With harvest moons, warm cider and the Thanksgiving holiday festivities on our radar we feel this is the perfect time take a moment to reflect and prepare for the real estate buying season in Naples.
Inventory and Price Reductions
Overall, we had the usual flurry of buyers who decided by early August that properties they had been eyeing all year were finally worth the wait. This summer the difference was that twenty-six percent of homes on the market in July reduced their pricing at least once. The Naples Board now has a system in place to track scheduled showings for properties. This data does not capture every scheduled appointment, yet it does provide a barometer for information. In July it was reported the average listing under $ 1 million received 17 visits as compared to only 13 visits in January prior to going under agreement. As inventory tightens buyers tend to want to view more properties before making a buying decision. By September, twenty-eight percent of available inventory experienced a price reduction and overall 500 listings were removed from market. Removing properties in August and September is normal behavior as these are the slowest months for real estate activity in Naples. These same properties are often re-introduced to the market by November or December. We speculate that due to current market conditions pricing of these properties may be revised prior to their re debut.
Summer Sold Locations
The Naples beach area continues to be the biggest draw. Year on year during the summer months areas from Olde Naples northward to Gulfshore Blvd and beyond to Pelican Bay and Vanderbilt Beach witness the greatest activity. This summer sold properties in these areas increased by 25 percent and single family home sale increased by 40 percent as compared to a year ago. An increase in the single-family home sector is interesting as this points to an uptick in both the family and investor market segment. Investor buyers typically seek to renovate older homes with an aim of renting the property for a profit during the winter months. The pace of activity in the single-family sector was felt in “real time” this summer as the median price for condominiums along the beach priced between $ 1-2 million decreased 10 percent.
Pre-Season Prep: Beach Areas Remain King
The all-important beach areas is still where the “action” resides at least for now. My friends on the listing side of the house have been busy bringing properties to market in these areas. While gated communities that offer every amenity possible are very desirable, the data at time of press points to the greatest activity near the Gulf of Mexico. New inventory here is small yet mighty with 200 listings brought to market in October and 145 thus far in November. We highlighted last week our top 5 beach and downtown listings under $ 500,000 given that they do exist. Yet we recognize that the price points in these neighborhoods start at $ 1.5 million with the greatest range positioned from $2 million to $ 4.5 million. This year it is important to underscore that unlike a handful of years past, inventory figures leading up to the height of the buying season is barely adequate for the traditional high demand during the winter months. Sellers witnessing this downward trend in pricing may choose to remain off the market which places even greater pressure for existing inventory to be optimally priced.
The Naples real estate market does not follow the traditional supply and demand rules.
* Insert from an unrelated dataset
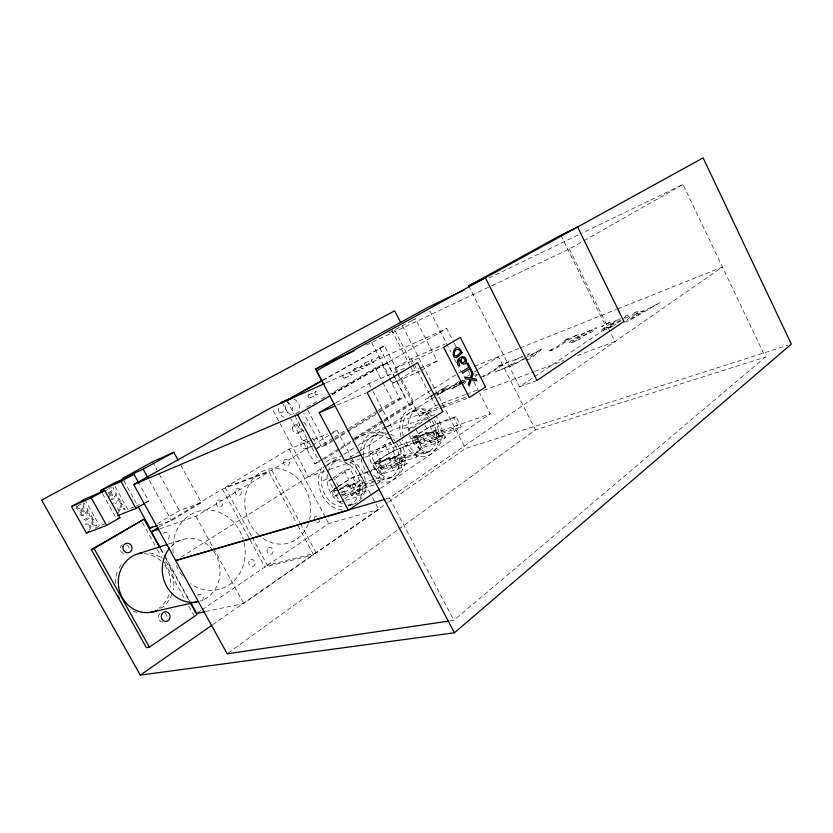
<?xml version="1.0" encoding="UTF-8"?>
<svg xmlns="http://www.w3.org/2000/svg" width="833" height="833" viewBox="0 0 833 833"><rect width="100%" height="100%" fill="white"/><g stroke="black" fill="none" stroke-linecap="round" stroke-linejoin="round"><path stroke-width="0.62" stroke-dasharray="4.17 3.12" d="M359.387 500.737A23.449 18.847 72.3 0 0 365.625 485.962L365.593 483.005A23.449 18.847 72.3 0 0 350.141 460.045M109.519 496.687C110.55 492.209 116.193 497.822 111.664 498.415M76.49 505.766C74.689 513.534 89.287 507.578 83.769 502.799M121.785 503.413L119.546 507.963L116.974 507.776M118.473 512.722L120.181 509.244L125.21 509.588L124.544 508.38L120.608 508.13L122.42 504.559L118.203 496.968L117.338 497.457L118.817 500.133L112.299 503.809M118.192 510.91L119.119 509.067L117.099 508.942M106.364 490.502L107.405 489.377M77.625 506.152C75.938 511.264 86.757 506.693 83.196 503.663M109.133 494.927C110.872 492.397 114.673 494.375 114.163 497.207L115.61 495.437A2.291 2.124 61.9 0 0 115.568 493.979L114.558 492.542L115.506 492.011C118.588 495.104 114.912 499.644 111.268 499.602M450.018 620.908L453.86 620.335L765.381 357.097L683.018 184.447L582.444 232.928M77.979 505.766L81.238 503.85M623.49 318.737L625.531 316.946L624.74 317.009M475.174 376.62L479.183 373.694M228.263 653.03L397.653 530.007M398.705 529.247L535.473 429.911L765.381 357.097M462.253 385.044L467.24 381.452M462.346 381.858L455.484 386.772L459.774 384.273M463.325 381.16L465.293 379.754M212.8 624.594L387.657 502.747M388.719 502.007L465.491 448.518L787.633 345.32M205.564 611.557L243.715 603.54L313.572 554.83L297.089 524.134M252.055 537.118L267.372 565.326L316.217 552.987L378.765 509.39L370.914 494.5M385.835 499.05L389.563 497.957L722.409 267.018L617.576 308.981M197.733 612.703L200.92 610.527M201.992 609.808L264.79 567.086L313.572 554.83M267.372 565.326L328.754 523.561L378.765 509.39M380.598 488.388L490.273 413.866L479.693 393.103M613.494 325.911L607.226 329.191L600.843 330.691L606.362 326.099L619.054 318.81M468.635 285.886L519.605 386.793L606.653 328.15L615.858 324.589M345.705 500.31L358.065 496.541L366.166 491.085L364.417 487.774L358.815 491.532L342.759 496.52M376.412 484.171L384.263 478.871L378.505 467.896L376.089 469.5L369.123 471.79M385.762 433.035A22.658 17.597 71.3 0 0 369.206 447.946A22.658 17.597 71.3 0 0 379.556 473.685L380.9 474.518L399.663 468.49L407.212 463.398L405.536 460.201L381.004 468.25L378.63 463.721L389.136 457.109L391.489 461.617M401.839 461.846L400.204 458.723L390.667 465.085L392.312 468.229L401.839 461.846L416.771 456.953L424.101 452.007L416.916 438.512L426.819 432.285L429.089 436.659M409.451 434.888A21.908 16.473 70.5 0 0 418.281 447.831L419.561 448.664L438.47 442.313L445.52 437.554L443.927 434.451L419.197 442.917L428.12 436.992L452.871 428.454L457.64 425.257L453.912 417.989L430.172 426.434L411.564 438.627L414.084 443.468L418.926 441.802L423.799 438.575L425.017 440.917L420.144 444.166L418.926 441.802M439.439 436.659L437.866 433.629L428.933 439.585L430.515 442.635L439.439 436.659L454.464 431.536L461.315 426.913L456.015 416.594C440.782 421.529 426.257 427.86 413.23 437.242L410.544 432.067M327.39 474.602A23.449 18.847 72.3 0 0 338.094 501.341L339.531 502.195L343.696 499.404M344.737 498.707L365.583 484.764L376.089 481.453M380.473 460.534L374.725 462.471L370.248 453.933L375.964 451.944L380.473 460.534L375.329 463.908L380.9 474.518L405.234 458.244L424.101 452.007M415.782 428.964L419.02 435.211L414.22 438.366L419.561 448.664L442.344 433.431L461.315 426.913M351.422 495.625L361.637 488.784L359.929 485.566L349.704 492.376L351.422 495.625L366.166 491.085M376.089 469.5L380.15 477.226L374.694 480.891L350.36 488.596L340.166 495.354M338.667 486.097C351.328 477.33 365.489 471.676 380.296 467.386L381.576 469.822L400.309 463.7L405.536 460.201M381.004 468.25L390.531 461.94L415.115 453.777L420.217 450.351L416.323 442.864L392.749 450.955L372.872 463.981L375.496 468.969L380.702 465.532L385.502 463.939L386.772 466.355L381.576 469.822M420.144 444.166L439.033 437.731L443.927 434.451M342.144 496.051L345.862 493.573L344.539 491.074L340.978 492.199M361.512 483.171L356.076 486.784L354.764 484.296L350.006 485.826L355.431 482.234L360.21 480.693L361.512 483.171L380.15 477.226M401.391 456.64L396.31 460.014L395.061 457.609L390.24 459.222L395.311 455.87L400.142 454.245L401.391 456.64L420.217 450.351M339.854 489.273L352.151 485.347L354.66 483.681L358.815 491.532M375.329 463.908L393.999 457.65L396.341 456.099L400.309 463.7M416.323 442.864L418.582 441.375C402.86 446.155 388.084 452.871 374.725 462.471M414.22 438.366L433.035 431.806L435.232 430.359L439.033 437.731M453.912 417.989L456.015 416.594M341.749 492.928L344.539 491.074M354.764 484.296L360.21 480.693M380.296 467.386L385.502 463.939M395.061 457.609L400.142 454.245M432.733 432.65L437.502 429.495L438.699 431.817L433.941 434.982L432.733 432.65L427.881 434.337L432.639 431.192L430.172 426.434M337.552 487.128L331.482 491.116L334.22 496.26L338.864 493.188M414.084 443.468L418.947 440.24L423.799 438.575M342.946 503.903A23.449 18.847 72.3 0 1 340.468 502.809L333.71 491.241L335.376 490.148M337.688 490.679L348.85 483.65L351.307 488.294M338.625 490.377L348.85 483.65M378.63 463.721L389.136 457.109M416.916 438.512L426.819 432.285M331.951 478.652L328.868 480.641L333.544 489.45L337.636 486.764M338.583 486.462L352.755 477.174L367.967 472.165M527.091 355.212L529.424 353.702L523.77 355.92M332.981 477.986L344.3 470.687L349.975 468.76L354.598 477.517M370.248 453.933L384.659 444.635L390.406 442.604L394.832 451.101M408.93 428.964L422.425 420.259L428.214 418.145L414.699 426.881L408.93 428.964L410.003 431.036M328.868 480.641L334.512 478.756L349.975 468.76M375.964 451.944L390.406 442.604M625.521 318.445L629.488 315.603A12.453 1.343 -26.2 0 0 629.113 314.895L625.104 316.155M397.664 374.1L419.405 416.094L435.534 405.765L465.303 394.603M481.432 376.912L487.482 374.09L501.268 365.239L497.124 366.864L499.186 365.531L510.41 361.147L504.236 364.083L485.608 376.047L483.213 376.964L484.4 376.016L483.317 376.224M350.027 457.327L359.731 451.142M360.804 450.455L388.834 432.587M389.906 431.9L393.145 429.838L436.742 413.876M181.188 557.09L326.088 465.543M327.182 464.856L342.55 455.141M343.654 454.443L356.826 446.124M357.919 445.436L386.46 427.402M387.553 426.704L435.857 396.196M436.961 395.498L461.107 380.244M467.688 376.079L469.885 374.694M474.279 371.924L477.569 369.842M478.673 369.144L498.426 356.659L535.473 429.911M431.681 395.269L425.215 399.34L432.129 396.654M432.764 394.592L448.435 385.387L440.876 390.146L447.279 388.168L446.582 388.928L437.075 394.446M434.43 394.196L430.307 396.8L432.566 395.925M435.461 393.551L438.554 391.604L443.604 389.938L434.909 394.977M353.577 438.637L383.159 420.186M384.252 419.509L432.442 389.438M433.535 388.751L457.64 373.725M458.733 373.038L460.92 371.674L458.577 367.072M290.009 417.094L314.832 463.794L321.413 459.681M322.517 459.004L354.327 439.126M355.42 438.439L382.847 421.311M383.94 420.623L409.17 404.869L414.011 402.995L399.83 375.568M314.832 463.794L322.84 460.035M323.943 459.347L339.323 449.726M340.416 449.039L353.598 440.792M354.702 440.105L383.253 422.237M384.357 421.55L414.011 402.995M315.717 448.935L326.234 444.968L333.96 440.209M335.064 439.532L378.151 413.033M379.254 412.356L404.661 396.716L387.074 362.761L375.308 367.967L330.441 393.79M316.759 448.029L333.273 437.908M334.377 437.231L347.58 429.13M348.683 428.454L377.307 410.919M378.401 410.242L392.718 401.475L404.661 396.716M333.658 439.293L321.528 446.748L303.701 413.106M334.762 438.616L349.1 429.807M350.204 429.13L377.786 412.189M378.89 411.512L399.85 398.632L382.326 364.854L330.618 394.665M159.863 528.799L195.942 516.304L268.997 471.832L296.475 522.999M251.451 535.994L225.118 487.482L271.756 470.156L311.625 445.884M312.739 445.207L329.347 435.097M330.462 434.42L337.105 430.38L350.985 456.713M158.405 525.207L171.536 520.583L201.305 502.684L181.115 465.73M391.552 380.952L392.718 383.211L420.019 371.226M421.092 370.591L437.075 360.981L415.417 318.727L412.023 320.351M159.207 527.05L222.421 489.096L268.997 471.832M225.118 487.482L289.03 449.102L311.865 440.209M157.645 523.613L179.355 510.65L201.305 502.684M392.718 383.211L412.876 371.174L418.635 368.748M335.814 402.933L368.988 383.503L406.921 367.259M397.081 372.965L394.727 368.425L411.294 358.721L445.134 343.987M462.169 383.347L450.57 389.552L463.44 380.348L439.158 393.957L462.94 380.129M463.263 382.711L466.511 380.796M460.847 383.638L466.199 380.514M474.779 375.496L476.913 374.246M331.898 394.592L387.074 362.761M332.325 394.519L446.769 328.514L453.818 342.363M145.556 502.934L148.743 501.091L139.496 484.348M95.108 528.122L109.081 521.906M295.673 413.803L302.41 409.93M306.888 407.347L316.988 401.537M321.476 398.955L325.953 396.373M523.52 358.877L510.119 366.562L526.654 357.701M524.634 358.232L542.689 348.517L530.642 358.638L527.237 359.95L537.545 351.422L527.747 357.076M121.764 503.371L120.889 503.861L119.411 501.185L115.069 503.642M491.814 285.719L569.366 249.025L582.871 241.362M583.995 240.716L683.018 184.447M322.277 380.275L384.461 345.862L399.236 374.434M323.194 380.244L384.461 345.862M389.053 332.856L415.417 318.727M620.918 320.341L609.569 325.047L620.772 318.55M620.554 321.215C617.482 322.381 590.201 334.387 613.317 325.974M108.707 488.575L110.071 487.909M488.888 278.024L581.267 233.49M366.072 345.195L490.637 286.271M365.104 362.855L372.091 359.689M376.381 358.273L383.388 355.097M354.369 368.936L361.324 365.791M325.963 382.93L446.769 328.514M366.572 365.677L373.569 362.532M355.847 371.778L362.824 368.655M344.935 377.995L351.88 374.892M308.699 394.8L315.54 391.749M310.251 397.747L317.113 394.717M279.596 413.241L286.375 410.263M394.727 368.425L442.396 347.798M419.79 368.259L437.075 360.981M337.188 405.119L365.926 393.072M294.039 425.465L299.745 423.091M297.995 432.921L303.722 430.599M474.175 366.364L518.897 348.465M519.969 348.038L616.441 309.428M134.759 506.589L127.772 509.338L114.017 484.546M135.925 506.131L139.423 504.756M145.244 502.466L148.743 501.091M303.191 440.772L307.794 438.96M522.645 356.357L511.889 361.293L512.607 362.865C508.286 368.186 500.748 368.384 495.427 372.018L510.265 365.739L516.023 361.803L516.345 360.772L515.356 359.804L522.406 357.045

Given that there is truly no inherent urgency to buy or to sell, unless there is change of (family) circumstance, the flow of activity is completely subjective and requires a meeting of the minds based on the perception of value. The activity this summer disclosed that price conscious buyers made up the largest segment of market activity. Based on the price decrease trend that began this summer, we believe that price corrections may continue into early 2020 as buyers will continue to gravitate towards properties that meet their criteria and provide a value proposition. A new equilibrium is emerging in the Naples real estate market where it is too soon to tell how far the pendulum will swing.